-------- PROVIDED MATERIAL

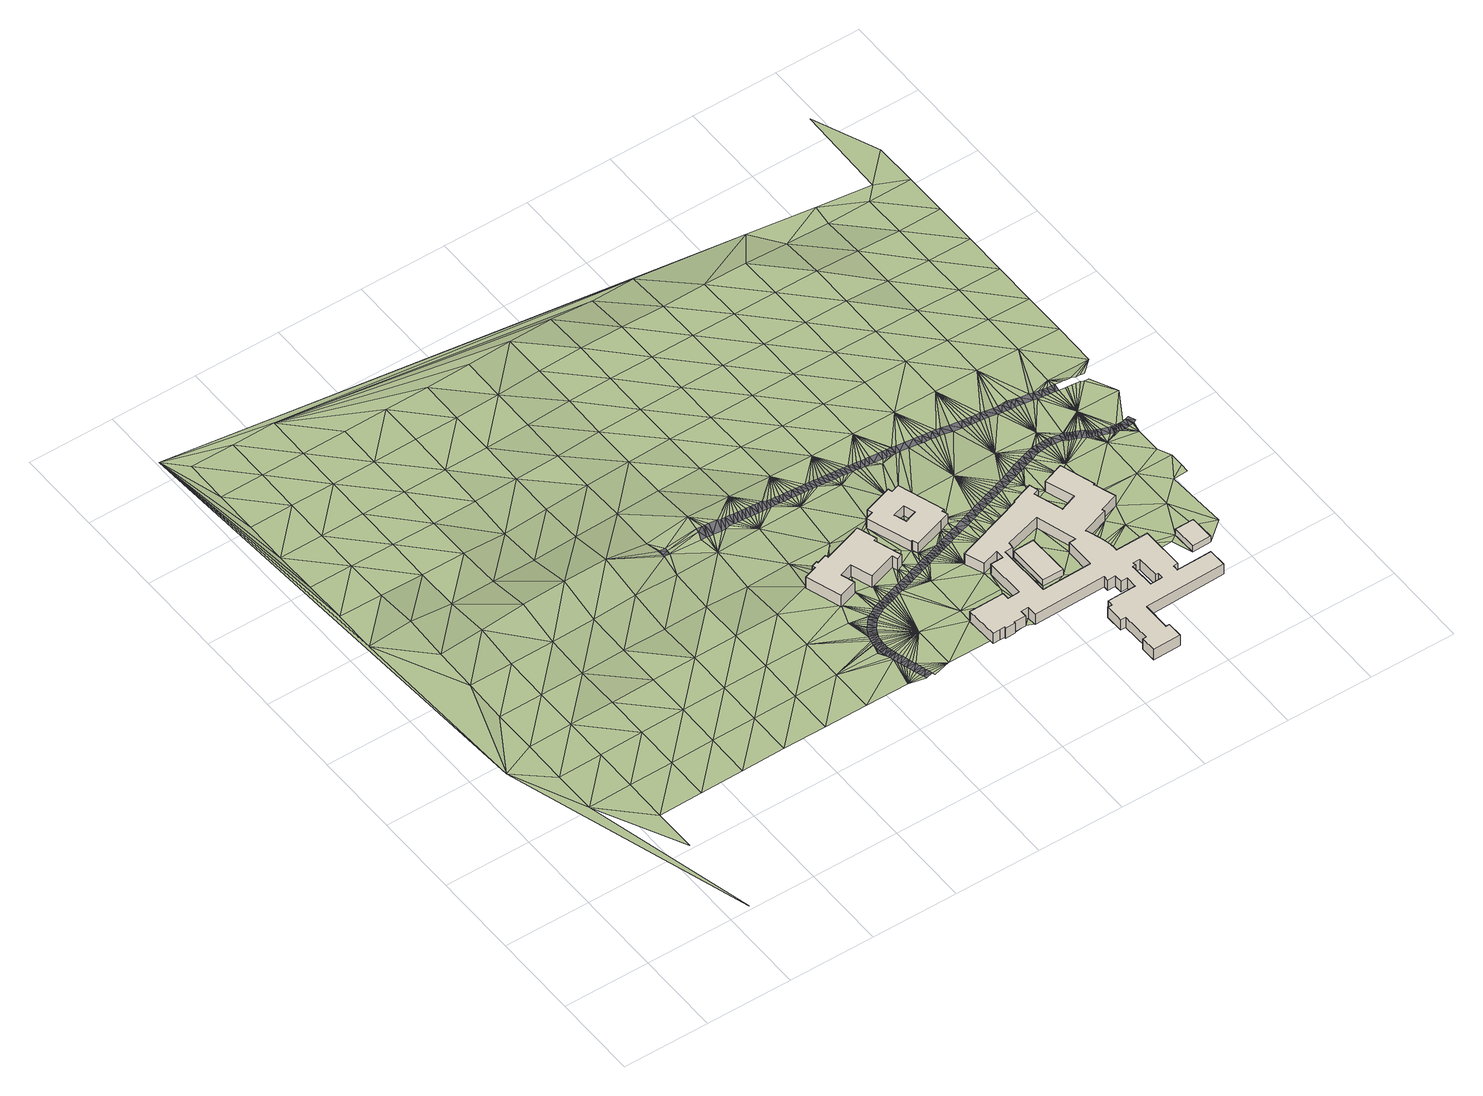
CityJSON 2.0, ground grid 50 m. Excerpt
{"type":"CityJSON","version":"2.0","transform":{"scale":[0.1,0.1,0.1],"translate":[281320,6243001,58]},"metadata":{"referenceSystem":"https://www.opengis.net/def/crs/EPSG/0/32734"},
"CityObjects":{
"building1":{"type":"Building","attributes":{"osm_building":"university","osm_building:levels":"2","osm_address":"Oxidative Stress Research Centre Bellville 7530 Cape Town","plus_code":"4FRW3JCP+6MP","ground_height":62.58,"building_height":6.9,"roof_height":69.48},"geometry":[{"type":"Solid","lod":"1","boundaries":[[[[0,1,2,3]],[[1,4,5,2]],[[4,6,7,5]],[[6,8,9,7]],[[8,10,11,9]],[[10,12,13,11]],[[12,14,15,13]],[[14,16,17,15]],[[16,18,19,17]],[[18,20,21,19]],[[20,22,23,21]],[[22,24,25,23]],[[24,26,27,25]],[[26,28,29,27]],[[28,30,31,29]],[[30,32,33,31]],[[32,34,35,33]],[[34,0,3,35]],[[3,2,5,7,9,11,13,15,17,19,21,23,25,27,29,31,33,35]],[[34,32,30,28,26,24,22,20,18,16,14,12,10,8,6,4,1,0]]]]}]},
"building2":{"type":"Building","attributes":{"osm_building":"university","osm_building:levels":"2","osm_type":"multipolygon","osm_address":"BTB Labratories Bellville Cape Town","plus_code":"4FRW3JCP+7R7","ground_height":62.29,"building_height":6.9,"roof_height":69.19},"geometry":[{"type":"Solid","lod":"1","boundaries":[[[[36,37,38,39]],[[37,40,41,38]],[[40,42,43,41]],[[42,44,45,43]],[[44,46,47,45]],[[46,48,49,47]],[[48,50,51,49]],[[50,52,53,51]],[[52,54,55,53]],[[54,56,57,55]],[[56,58,59,57]],[[58,60,61,59]],[[60,36,39,61]],[[62,63,64,65]],[[63,66,67,64]],[[66,68,69,67]],[[68,62,65,69]],[[39,38,41,43,45,47,49,51,53,55,57,59,61],[65,64,67,69]],[[60,58,56,54,52,50,48,46,44,42,40,37,36],[68,66,63,62]]]]}]},
"building3":{"type":"Building","attributes":{"osm_building":"greenhouse","osm_building:levels":"1","osm_address":"Bellville 7530 Cape Town","plus_code":"4FRW3JCQ+22V","ground_height":62.23,"building_height":4.1,"roof_height":66.33},"geometry":[{"type":"Solid","lod":"1","boundaries":[[[[70,71,72,73]],[[71,74,75,72]],[[74,76,77,75]],[[76,70,73,77]],[[73,72,75,77]],[[76,74,71,70]]]]}]},
"building4":{"type":"Building","attributes":{"osm_building":"university","osm_building:levels":"2","osm_type":"multipolygon","osm_address":"Horticulture Bellville 7530 Cape Town","plus_code":"4FRW3J9Q+X27","ground_height":62.25,"building_height":6.9,"roof_height":69.15},"geometry":[{"type":"Solid","lod":"1","boundaries":[[[[78,79,80,81]],[[79,82,83,80]],[[82,84,85,83]],[[84,86,87,85]],[[86,88,89,87]],[[88,90,91,89]],[[90,92,93,91]],[[92,94,95,93]],[[94,96,97,95]],[[96,98,99,97]],[[98,100,101,99]],[[100,102,103,101]],[[102,104,105,103]],[[104,106,107,105]],[[106,108,109,107]],[[108,110,111,109]],[[110,112,113,111]],[[112,114,115,113]],[[114,116,117,115]],[[116,118,119,117]],[[118,120,121,119]],[[120,122,123,121]],[[122,124,125,123]],[[124,126,127,125]],[[126,128,129,127]],[[128,130,131,129]],[[130,132,133,131]],[[132,134,135,133]],[[134,136,137,135]],[[136,138,139,137]],[[138,140,141,139]],[[140,142,143,141]],[[142,144,145,143]],[[144,146,147,145]],[[146,148,149,147]],[[148,150,151,149]],[[150,152,153,151]],[[152,154,155,153]],[[154,156,157,155]],[[156,158,159,157]],[[158,160,161,159]],[[160,162,163,161]],[[162,164,165,163]],[[164,166,167,165]],[[166,168,169,167]],[[168,170,171,169]],[[170,172,173,171]],[[172,174,175,173]],[[174,176,177,175]],[[176,178,179,177]],[[178,180,181,179]],[[180,182,183,181]],[[182,184,185,183]],[[184,186,187,185]],[[186,188,189,187]],[[188,190,191,189]],[[190,192,193,191]],[[192,194,195,193]],[[194,196,197,195]],[[196,198,199,197]],[[198,200,201,199]],[[200,202,203,201]],[[202,204,205,203]],[[204,206,207,205]],[[206,208,209,207]],[[208,210,211,209]],[[210,212,213,211]],[[212,214,215,213]],[[214,216,217,215]],[[216,218,219,217]],[[218,220,221,219]],[[220,78,81,221]],[[222,223,224,225]],[[223,226,227,224]],[[226,228,229,227]],[[228,230,231,229]],[[230,232,233,231]],[[232,234,235,233]],[[234,236,237,235]],[[236,222,225,237]],[[238,239,240,241]],[[239,242,243,240]],[[242,244,245,243]],[[244,246,247,245]],[[246,248,249,247]],[[248,250,251,249]],[[250,252,253,251]],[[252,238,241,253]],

----------------

# EXERCISE GOAL
Excluding every picture, write out each record word for word.

# FINISHED EXERCISE
CityJSON 2.0, ground grid 50 m. Excerpt
{"type":"CityJSON","version":"2.0","transform":{"scale":[0.1,0.1,0.1],"translate":[281320,6243001,58]},"metadata":{"referenceSystem":"https://www.opengis.net/def/crs/EPSG/0/32734"},
"CityObjects":{
"building1":{"type":"Building","attributes":{"osm_building":"university","osm_building:levels":"2","osm_address":"Oxidative Stress Research Centre Bellville 7530 Cape Town","plus_code":"4FRW3JCP+6MP","ground_height":62.58,"building_height":6.9,"roof_height":69.48},"geometry":[{"type":"Solid","lod":"1","boundaries":[[[[0,1,2,3]],[[1,4,5,2]],[[4,6,7,5]],[[6,8,9,7]],[[8,10,11,9]],[[10,12,13,11]],[[12,14,15,13]],[[14,16,17,15]],[[16,18,19,17]],[[18,20,21,19]],[[20,22,23,21]],[[22,24,25,23]],[[24,26,27,25]],[[26,28,29,27]],[[28,30,31,29]],[[30,32,33,31]],[[32,34,35,33]],[[34,0,3,35]],[[3,2,5,7,9,11,13,15,17,19,21,23,25,27,29,31,33,35]],[[34,32,30,28,26,24,22,20,18,16,14,12,10,8,6,4,1,0]]]]}]},
"building2":{"type":"Building","attributes":{"osm_building":"university","osm_building:levels":"2","osm_type":"multipolygon","osm_address":"BTB Labratories Bellville Cape Town","plus_code":"4FRW3JCP+7R7","ground_height":62.29,"building_height":6.9,"roof_height":69.19},"geometry":[{"type":"Solid","lod":"1","boundaries":[[[[36,37,38,39]],[[37,40,41,38]],[[40,42,43,41]],[[42,44,45,43]],[[44,46,47,45]],[[46,48,49,47]],[[48,50,51,49]],[[50,52,53,51]],[[52,54,55,53]],[[54,56,57,55]],[[56,58,59,57]],[[58,60,61,59]],[[60,36,39,61]],[[62,63,64,65]],[[63,66,67,64]],[[66,68,69,67]],[[68,62,65,69]],[[39,38,41,43,45,47,49,51,53,55,57,59,61],[65,64,67,69]],[[60,58,56,54,52,50,48,46,44,42,40,37,36],[68,66,63,62]]]]}]},
"building3":{"type":"Building","attributes":{"osm_building":"greenhouse","osm_building:levels":"1","osm_address":"Bellville 7530 Cape Town","plus_code":"4FRW3JCQ+22V","ground_height":62.23,"building_height":4.1,"roof_height":66.33},"geometry":[{"type":"Solid","lod":"1","boundaries":[[[[70,71,72,73]],[[71,74,75,72]],[[74,76,77,75]],[[76,70,73,77]],[[73,72,75,77]],[[76,74,71,70]]]]}]},
"building4":{"type":"Building","attributes":{"osm_building":"university","osm_building:levels":"2","osm_type":"multipolygon","osm_address":"Horticulture Bellville 7530 Cape Town","plus_code":"4FRW3J9Q+X27","ground_height":62.25,"building_height":6.9,"roof_height":69.15},"geometry":[{"type":"Solid","lod":"1","boundaries":[[[[78,79,80,81]],[[79,82,83,80]],[[82,84,85,83]],[[84,86,87,85]],[[86,88,89,87]],[[88,90,91,89]],[[90,92,93,91]],[[92,94,95,93]],[[94,96,97,95]],[[96,98,99,97]],[[98,100,101,99]],[[100,102,103,101]],[[102,104,105,103]],[[104,106,107,105]],[[106,108,109,107]],[[108,110,111,109]],[[110,112,113,111]],[[112,114,115,113]],[[114,116,117,115]],[[116,118,119,117]],[[118,120,121,119]],[[120,122,123,121]],[[122,124,125,123]],[[124,126,127,125]],[[126,128,129,127]],[[128,130,131,129]],[[130,132,133,131]],[[132,134,135,133]],[[134,136,137,135]],[[136,138,139,137]],[[138,140,141,139]],[[140,142,143,141]],[[142,144,145,143]],[[144,146,147,145]],[[146,148,149,147]],[[148,150,151,149]],[[150,152,153,151]],[[152,154,155,153]],[[154,156,157,155]],[[156,158,159,157]],[[158,160,161,159]],[[160,162,163,161]],[[162,164,165,163]],[[164,166,167,165]],[[166,168,169,167]],[[168,170,171,169]],[[170,172,173,171]],[[172,174,175,173]],[[174,176,177,175]],[[176,178,179,177]],[[178,180,181,179]],[[180,182,183,181]],[[182,184,185,183]],[[184,186,187,185]],[[186,188,189,187]],[[188,190,191,189]],[[190,192,193,191]],[[192,194,195,193]],[[194,196,197,195]],[[196,198,199,197]],[[198,200,201,199]],[[200,202,203,201]],[[202,204,205,203]],[[204,206,207,205]],[[206,208,209,207]],[[208,210,211,209]],[[210,212,213,211]],[[212,214,215,213]],[[214,216,217,215]],[[216,218,219,217]],[[218,220,221,219]],[[220,78,81,221]],[[222,223,224,225]],[[223,226,227,224]],[[226,228,229,227]],[[228,230,231,229]],[[230,232,233,231]],[[232,234,235,233]],[[234,236,237,235]],[[236,222,225,237]],[[238,239,240,241]],[[239,242,243,240]],[[242,244,245,243]],[[244,246,247,245]],[[246,248,249,247]],[[248,250,251,249]],[[250,252,253,251]],[[252,238,241,253]],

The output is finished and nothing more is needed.